We hope this month and next continues to find you and yours well. Take in the traditions: experience the fun of Halloween, participate in our nation’s democratic processes in early November, and look forward to friends and family at Thanksgiving. The more things change, the more, in fact, they stay the same. Happy October!
~ Team CANA
DEEP LEARNING IN THE CANA CAR: A CANCER TRIAL DATA SCIENCE CHALLENGE
A look at the CANA Analytics Roundtable
By Jerome Dixon | Senior Operations Research Analyst
and Cherish Joostberns | Resource Coordinator
As a Senior Operations Research Analyst at CANA Advisors, I’ve had the opportunity to apply both my military logistics experience and healthcare analytics expertise to a variety of challenging problems. I recently shared a learning experience with peers at our monthly CANA Analytics Roundtable (CAR). The CANA “CAR” is a monthly gathering open to all hands of the company, which highlights employee-chosen topics related to analytics techniques and technologies.

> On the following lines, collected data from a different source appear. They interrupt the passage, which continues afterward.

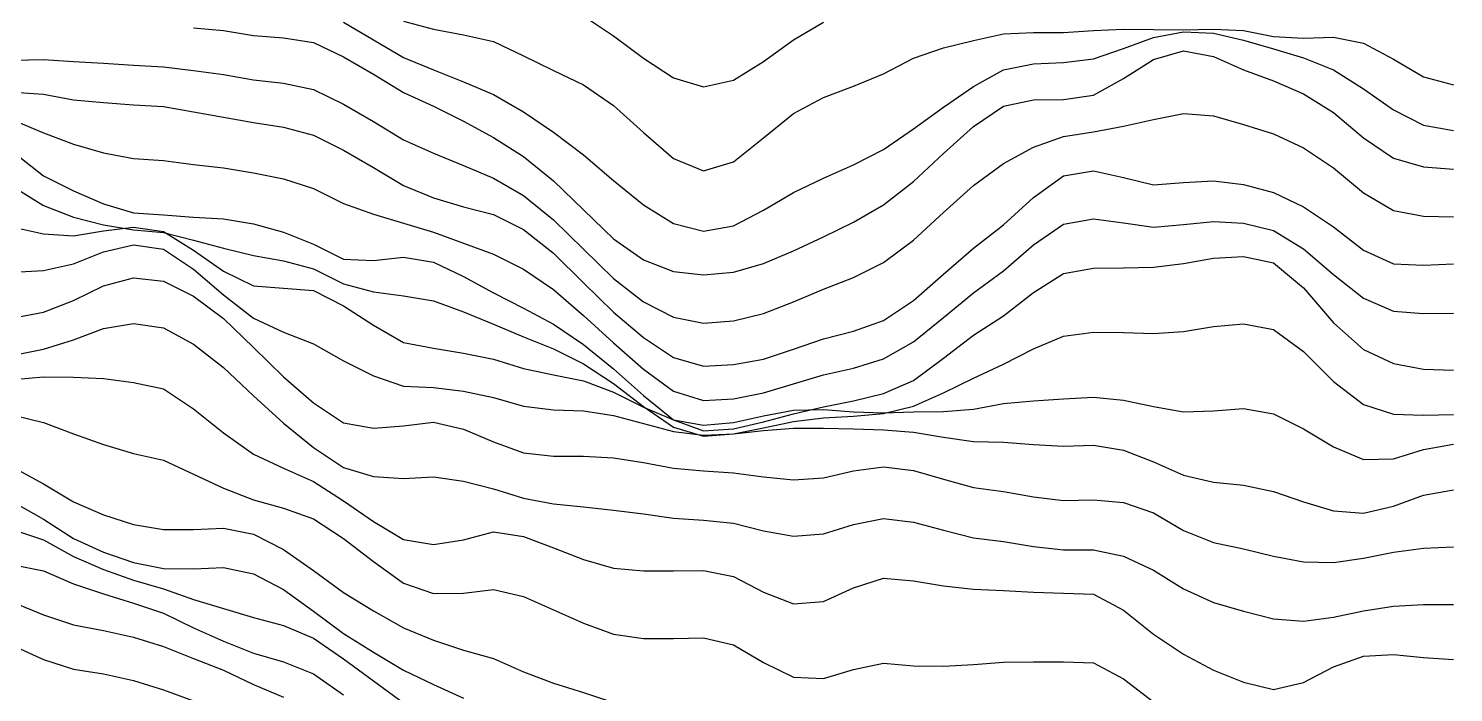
# Model space of a CAD drawing. Header units: metres. Extents: x 0 to 1200, y 54 to 769.
# Drawn here: x 1009.4 to 1200, y 372.1 to 460.8 of the extents above; entities that cross this region are included whole.
import ezdxf

# ---------------------------------------------------------------- set-up
doc = ezdxf.new("R2010")
doc.units = ezdxf.units.M

msp = doc.modelspace()

# ---------------------------------------------------------------- linework, layer by layer
for p, q in [((1051.5034, 461.61255), (1055.5168, 459.2768)), ((1059.5303, 461.7445), (1063.5437, 460.6934)), ((1083.6108, 462.49115), (1087.6243, 459.79315)), ((1111.7048, 459.27777), (1115.7183, 461.64276)), ((1031.4363, 460.876), (1035.4497, 460.52936)), ((1035.4497, 460.52936), (1039.4631, 459.8291)), ((1039.4631, 459.8291), (1043.4766, 459.55322)), ((1043.4766, 459.55322), (1047.49, 458.89606)), ((1063.5437, 460.6934), (1067.5571, 459.9338)), ((1067.5571, 459.9338), (1071.5706, 459.02368)), ((1087.6243, 459.79315), (1091.6377, 456.81085)), ((1135.7854, 459.1714), (1139.7988, 460.08887)), ((1139.7988, 460.08887), (1143.8123, 460.26343)), ((1143.8123, 460.26343), (1147.8257, 460.2387)), ((1147.8257, 460.2387), (1151.8391, 460.50467)), ((1151.8391, 460.50467), (1155.8525, 460.67523)), ((1155.8525, 460.67523), (1159.866, 460.6564)), ((1155.8525, 458.09018), (1159.866, 459.58554)), ((1159.866, 460.6564), (1163.8794, 460.5942)), ((1159.866, 459.58554), (1163.8794, 460.34637)), ((1163.8794, 460.5942), (1167.8928, 460.67844)), ((1163.8794, 460.34637), (1167.8928, 460.14297)), ((1167.8928, 460.67844), (1171.9062, 460.51828)), ((1167.8928, 460.14297), (1171.9062, 459.2119)), ((1171.9062, 460.51828), (1175.9197, 459.7086)), ((1175.9197, 459.7086), (1179.9331, 459.47375)), ((1179.9331, 459.47375), (1183.9465, 459.61774)), ((1183.9465, 459.61774), (1187.96, 458.8093)), ((1047.49, 458.89606), (1051.5034, 457.003)), ((1055.5168, 459.2768), (1059.5303, 456.88715)), ((1071.5706, 459.02368), (1075.584, 457.1185)), ((1107.6914, 456.38278), (1111.7048, 459.27777)), ((1127.7585, 456.82062), (1131.772, 458.1844)), ((1131.772, 458.1844), (1135.7854, 459.1714)), ((1151.8391, 456.72968), (1155.8525, 458.09018)), ((1159.866, 456.63), (1163.8794, 457.79178)), ((1163.8794, 457.79178), (1167.8928, 457.04825)), ((1171.9062, 459.2119), (1175.9197, 458.05713)), ((1175.9197, 458.05713), (1179.9331, 456.85934)), ((1187.96, 458.8093), (1191.9734, 456.7049)), ((1007.35596, 456.55487), (1011.3693, 456.62967)), ((1011.3693, 456.62967), (1015.3827, 456.38934)), ((1015.3827, 456.38934), (1019.39606, 456.16895)), ((1019.39606, 456.16895), (1023.4094, 455.87943)), ((1023.4094, 455.87943), (1027.4229, 455.6712)), ((1027.4229, 455.6712), (1031.4363, 455.18057)), ((1051.5034, 457.003), (1055.5168, 454.68088)), ((1059.5303, 456.88715), (1063.5437, 455.26022)), ((1075.584, 457.1185), (1079.5974, 455.17908)), ((1091.6377, 456.81085), (1095.6511, 454.17084)), ((1103.678, 453.86475), (1107.6914, 456.38278)), ((1123.7451, 454.73764), (1127.7585, 456.82062)), ((1139.7988, 455.23676), (1143.8123, 456.04645)), ((1143.8123, 456.04645), (1147.8257, 456.23996)), ((1147.8257, 456.23996), (1151.8391, 456.72968)), ((1155.8525, 454.0928), (1159.866, 456.63)), ((1167.8928, 457.04825), (1171.9062, 455.26767)), ((1179.9331, 456.85934), (1183.9465, 455.277)), ((1191.9734, 456.7049), (1195.9868, 454.31595)), ((1031.4363, 455.18057), (1035.4497, 454.6553)), ((1035.4497, 454.6553), (1039.4631, 453.92285)), ((1039.4631, 453.92285), (1043.4766, 453.47314)), ((1055.5168, 454.68088), (1059.5303, 452.24826)), ((1063.5437, 455.26022), (1067.5571, 453.67096)), ((1079.5974, 455.17908), (1083.6108, 453.25287)), ((1095.6511, 454.17084), (1099.6646, 452.99432)), ((1099.6646, 452.99432), (1103.678, 453.86475)), ((1119.7317, 453.08673), (1123.7451, 454.73764)), ((1135.7854, 453.0115), (1139.7988, 455.23676)), ((1151.8391, 451.87177), (1155.8525, 454.0928)), ((1171.9062, 455.26767), (1175.9197, 453.7972)), ((1175.9197, 453.7972), (1179.9331, 452.05054)), ((1183.9465, 455.277), (1187.96, 452.6972)), ((1195.9868, 454.31595), (1200.0002, 453.2662)), ((1007.35596, 452.2662), (1011.3693, 452.00775)), ((1011.3693, 452.00775), (1015.3827, 451.2612)), ((1043.4766, 453.47314), (1047.49, 452.61414)), ((1047.49, 452.61414), (1051.5034, 450.66812)), ((1059.5303, 452.24826), (1063.5437, 450.41644)), ((1067.5571, 453.67096), (1071.5706, 451.95056)), ((1071.5706, 451.95056), (1075.584, 449.6252)), ((1083.6108, 453.25287), (1087.6243, 450.4875)), ((1115.7183, 451.5487), (1119.7317, 453.08673)), ((1131.772, 450.28058), (1135.7854, 453.0115)), ((1147.8257, 451.28864), (1151.8391, 451.87177)), ((1179.9331, 452.05054), (1183.9465, 449.5355)), ((1187.96, 452.6972), (1191.9734, 449.9027)), ((1015.3827, 451.2612), (1019.39606, 450.87253)), ((1019.39606, 450.87253), (1023.4094, 450.59366)), ((1023.4094, 450.59366), (1027.4229, 450.34244)), ((1027.4229, 450.34244), (1031.4363, 449.64294)), ((1051.5034, 450.66812), (1055.5168, 448.33795)), ((1063.5437, 450.41644), (1067.5571, 448.3976)), ((1087.6243, 450.4875), (1091.6377, 446.87814)), ((1111.7048, 449.44067), (1115.7183, 451.5487)), ((1127.7585, 447.38666), (1131.772, 450.28058)), ((1135.7854, 447.69678), (1139.7988, 450.41394)), ((1139.7988, 450.41394), (1143.8123, 451.24127)), ((1143.8123, 451.24127), (1147.8257, 451.28864)), ((1007.35596, 448.52634), (1011.3693, 446.83066)), ((1031.4363, 449.64294), (1035.4497, 448.94965)), ((1035.4497, 448.94965), (1039.4631, 448.21667)), ((1039.4631, 448.21667), (1043.4766, 447.6011)), ((1055.5168, 448.33795), (1059.5303, 445.91028)), ((1067.5571, 448.3976), (1071.5706, 446.21103)), ((1075.584, 449.6252), (1079.5974, 446.9313)), ((1107.6914, 446.1756), (1111.7048, 449.44067)), ((1155.8525, 447.7297), (1159.866, 448.62216)), ((1159.866, 448.62216), (1163.8794, 449.40607)), ((1163.8794, 449.40607), (1167.8928, 449.12872)), ((1167.8928, 449.12872), (1171.9062, 447.96155)), ((1183.9465, 449.5355), (1187.96, 446.15005)), ((1191.9734, 449.9027), (1195.9868, 447.87543)), ((1011.3693, 446.83066), (1015.3827, 445.3192)), ((1043.4766, 447.6011), (1047.49, 446.5272)), ((1047.49, 446.5272), (1051.5034, 444.51324)), ((1071.5706, 446.21103), (1075.584, 443.6688)), ((1079.5974, 446.9313), (1083.6108, 443.89172)), ((1091.6377, 446.87814), (1095.6511, 443.39456)), ((1103.678, 442.94852), (1107.6914, 446.1756)), ((1123.7451, 444.60263), (1127.7585, 447.38666)), ((1131.772, 444.0688), (1135.7854, 447.69678)), ((1143.8123, 444.932), (1147.8257, 446.33292)), ((1147.8257, 446.33292), (1151.8391, 446.9646)), ((1151.8391, 446.9646), (1155.8525, 447.7297)), ((1171.9062, 447.96155), (1175.9197, 446.6857)), ((1175.9197, 446.6857), (1179.9331, 444.8275)), ((1187.96, 446.15005), (1191.9734, 443.4715)), ((1195.9868, 447.87543), (1200.0002, 447.1363)), ((1007.35596, 444.26624), (1011.3693, 441.08807)), ((1015.3827, 445.3192), (1019.39606, 444.1641)), ((1051.5034, 444.51324), (1055.5168, 442.18518)), ((1059.5303, 445.91028), (1063.5437, 444.12878)), ((1119.7317, 442.54083), (1123.7451, 444.60263)), ((1139.7988, 442.7538), (1143.8123, 444.932)), ((1179.9331, 444.8275), (1183.9465, 442.17642)), ((1019.39606, 444.1641), (1023.4094, 443.39862)), ((1023.4094, 443.39862), (1027.4229, 443.1319)), ((1027.4229, 443.1319), (1031.4363, 442.62488)), ((1031.4363, 442.62488), (1035.4497, 442.14478)), ((1063.5437, 444.12878), (1067.5571, 442.46725)), ((1067.5571, 442.46725), (1071.5706, 440.7761)), ((1075.584, 443.6688), (1079.5974, 440.43674)), ((1083.6108, 443.89172), (1087.6243, 440.45825)), ((1095.6511, 443.39456), (1099.6646, 441.7779)), ((1099.6646, 441.7779), (1103.678, 442.94852)), ((1115.7183, 440.78162), (1119.7317, 442.54083)), ((1127.7585, 440.33197), (1131.772, 444.0688)), ((1135.7854, 439.80292), (1139.7988, 442.7538)), ((1191.9734, 443.4715), (1195.9868, 442.2802)), ((1195.9868, 442.2802), (1200.0002, 442.00162)), ((1011.3693, 441.08807), (1015.3827, 439.08643)), ((1035.4497, 442.14478), (1039.4631, 441.4715)), ((1039.4631, 441.4715), (1043.4766, 440.6951)), ((1043.4766, 440.6951), (1047.49, 439.40878)), ((1055.5168, 442.18518), (1059.5303, 439.80154)), ((1071.5706, 440.7761), (1075.584, 438.45288)), ((1079.5974, 440.43674), (1083.6108, 436.55484)), ((1087.6243, 440.45825), (1091.6377, 437.20917)), ((1111.7048, 438.85544), (1115.7183, 440.78162)), ((1143.8123, 438.20892), (1147.8257, 441.1064)), ((1147.8257, 441.1064), (1151.8391, 441.7814)), ((1151.8391, 441.7814), (1155.8525, 440.88678)), ((1155.8525, 440.88678), (1159.866, 439.8942)), ((1163.8794, 440.21063), (1167.8928, 440.4182)), ((1167.8928, 440.4182), (1171.9062, 439.91803)), ((1183.9465, 442.17642), (1187.96, 438.83054)), ((1007.35596, 439.6427), (1011.3693, 437.11145)), ((1015.3827, 439.08643), (1019.39606, 437.33173)), ((1047.49, 439.40878), (1051.5034, 437.40192)), ((1059.5303, 439.80154), (1063.5437, 438.13995)), ((1107.6914, 436.49847), (1111.7048, 438.85544)), ((1123.7451, 437.22003), (1127.7585, 440.33197)), ((1131.772, 436.1965), (1135.7854, 439.80292)), ((1159.866, 439.8942), (1163.8794, 440.21063)), ((1171.9062, 439.91803), (1175.9197, 438.86298)), ((1175.9197, 438.86298), (1179.9331, 436.94873)), ((1187.96, 438.83054), (1191.9734, 436.46906)), ((1011.3693, 437.11145), (1015.3827, 435.57123)), ((1019.39606, 437.33173), (1023.4094, 436.13495)), ((1051.5034, 437.40192), (1055.5168, 435.974)), ((1063.5437, 438.13995), (1067.5571, 436.95966)), ((1067.5571, 436.95966), (1071.5706, 435.91653)), ((1075.584, 438.45288), (1079.5974, 435.21426)), ((1091.6377, 437.20917), (1095.6511, 434.72144)), ((1119.7317, 434.91193), (1123.7451, 437.22003)), ((1139.7988, 434.557), (1143.8123, 438.20892)), ((1179.9331, 436.94873), (1183.9465, 434.27985)), ((1015.3827, 435.57123), (1019.39606, 434.54758)), ((1023.4094, 436.13495), (1027.4229, 435.85995)), ((1027.4229, 435.85995), (1031.4363, 435.5806)), ((1031.4363, 435.5806), (1035.4497, 435.32922)), ((1035.4497, 435.32922), (1039.4631, 434.65662)), ((1039.4631, 434.65662), (1043.4766, 433.58215)), ((1055.5168, 435.974), (1059.5303, 434.77313)), ((1059.5303, 434.77313), (1063.5437, 433.56055)), ((1071.5706, 435.91653), (1075.584, 433.9338)), ((1079.5974, 435.21426), (1083.6108, 431.27008)), ((1083.6108, 436.55484), (1087.6243, 432.6725)), ((1095.6511, 434.72144), (1099.6646, 433.69366)), ((1103.678, 434.42017), (1107.6914, 436.49847)), ((1115.7183, 432.94772), (1119.7317, 434.91193)), ((1127.7585, 432.50574), (1131.772, 436.1965)), ((1147.8257, 434.63434), (1151.8391, 435.32413)), ((1151.8391, 435.32413), (1155.8525, 434.80438)), ((1155.8525, 434.80438), (1159.866, 434.2152)), ((1163.8794, 434.5814), (1167.8928, 434.97192)), ((1167.8928, 434.97192), (1171.9062, 434.75867)), ((1171.9062, 434.75867), (1175.9197, 433.7887)), ((1191.9734, 436.46906), (1195.9868, 435.6997)), ((1195.9868, 435.6997), (1200.0002, 435.61462)), ((1007.35596, 434.2268), (1011.3693, 433.3249)), ((1011.3693, 433.3249), (1015.3827, 433.07886)), ((1015.3827, 433.07886), (1019.39606, 433.7495)), ((1019.39606, 434.54758), (1023.4094, 433.8772)), ((1019.39606, 433.7495), (1023.4094, 434.2355)), ((1023.4094, 434.2355), (1027.4229, 433.66547)), ((1023.4094, 433.8772), (1027.4229, 433.49774)), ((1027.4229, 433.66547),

Each monthly CAR typically hosts four to five short presentations. During our most recent roundtable, I talked about my strategy and initial execution of a cancer trial data science challenge hosted by Oak Ridge National Laboratories. The challenge set forth was to analyze cancer patient information and data sets to appropriately determine an individual’s assignment to a select clinical trial. I identified 25 input features within the patients’ information database that would eventually feed into the target variable – “Selected for Study, Yes or No.” I noted a specific need for improvement based on doctors’ feedback: trial names did not always match to the relevant disease site, thereby missing a critical linkage point between patients and potential trial participation.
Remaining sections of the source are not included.